┌─ Data
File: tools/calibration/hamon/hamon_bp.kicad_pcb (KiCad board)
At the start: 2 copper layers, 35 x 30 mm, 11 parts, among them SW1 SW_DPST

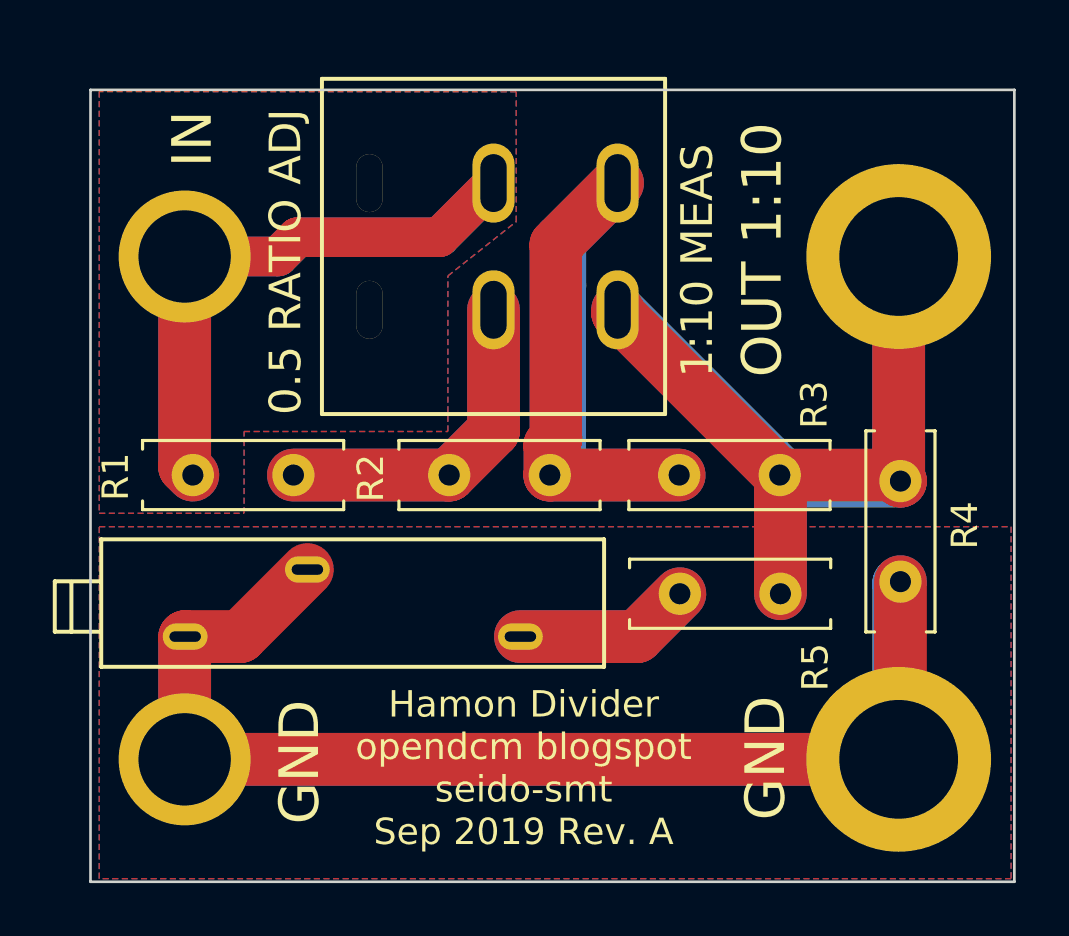
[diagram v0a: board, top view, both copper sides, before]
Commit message: Added second hamon divider PCB with binding posts only. The first variant was with SA404 4mm banana plugs for direct plugin into the voltage reference.
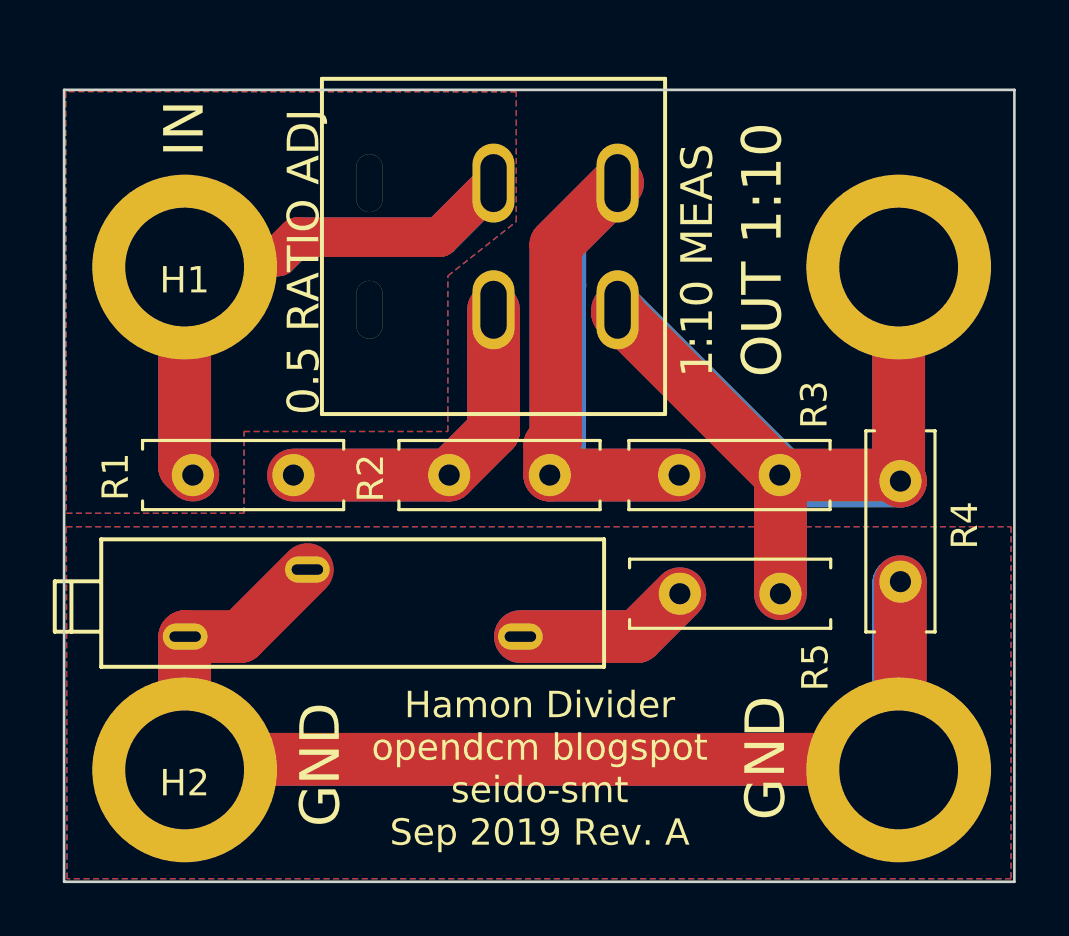
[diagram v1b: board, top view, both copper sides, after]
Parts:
- H1, H2: footprint hamon:SA404 -> hamon:Binding_Post_4mm
- moved H1 0.40 mm to (103.6, 56.7)
- moved H3 0.40 mm to (130.6, 56.7)
- moved H2 0.40 mm to (103.6, 75.8)
- moved H4 0.40 mm to (130.6, 75.8)
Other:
- board size 35 x 30 mm -> 36 x 30 mm
└─
Repeat all entries exactly, pictures excluded.

File: tools/calibration/hamon/hamon_bp.kicad_pcb (KiCad board)
At the start: 2 copper layers, 35 x 30 mm, 11 parts, among them SW1 SW_DPST

[diagram v0a: board, top view, both copper sides, before]
Commit message: Added second hamon divider PCB with binding posts only. The first variant was with SA404 4mm banana plugs for direct plugin into the voltage reference.
[diagram v1b: board, top view, both copper sides, after]
Parts:
- H1, H2: footprint hamon:SA404 -> hamon:Binding_Post_4mm
- moved H1 0.40 mm to (103.6, 56.7)
- moved H3 0.40 mm to (130.6, 56.7)
- moved H2 0.40 mm to (103.6, 75.8)
- moved H4 0.40 mm to (130.6, 75.8)
Other:
- board size 35 x 30 mm -> 36 x 30 mm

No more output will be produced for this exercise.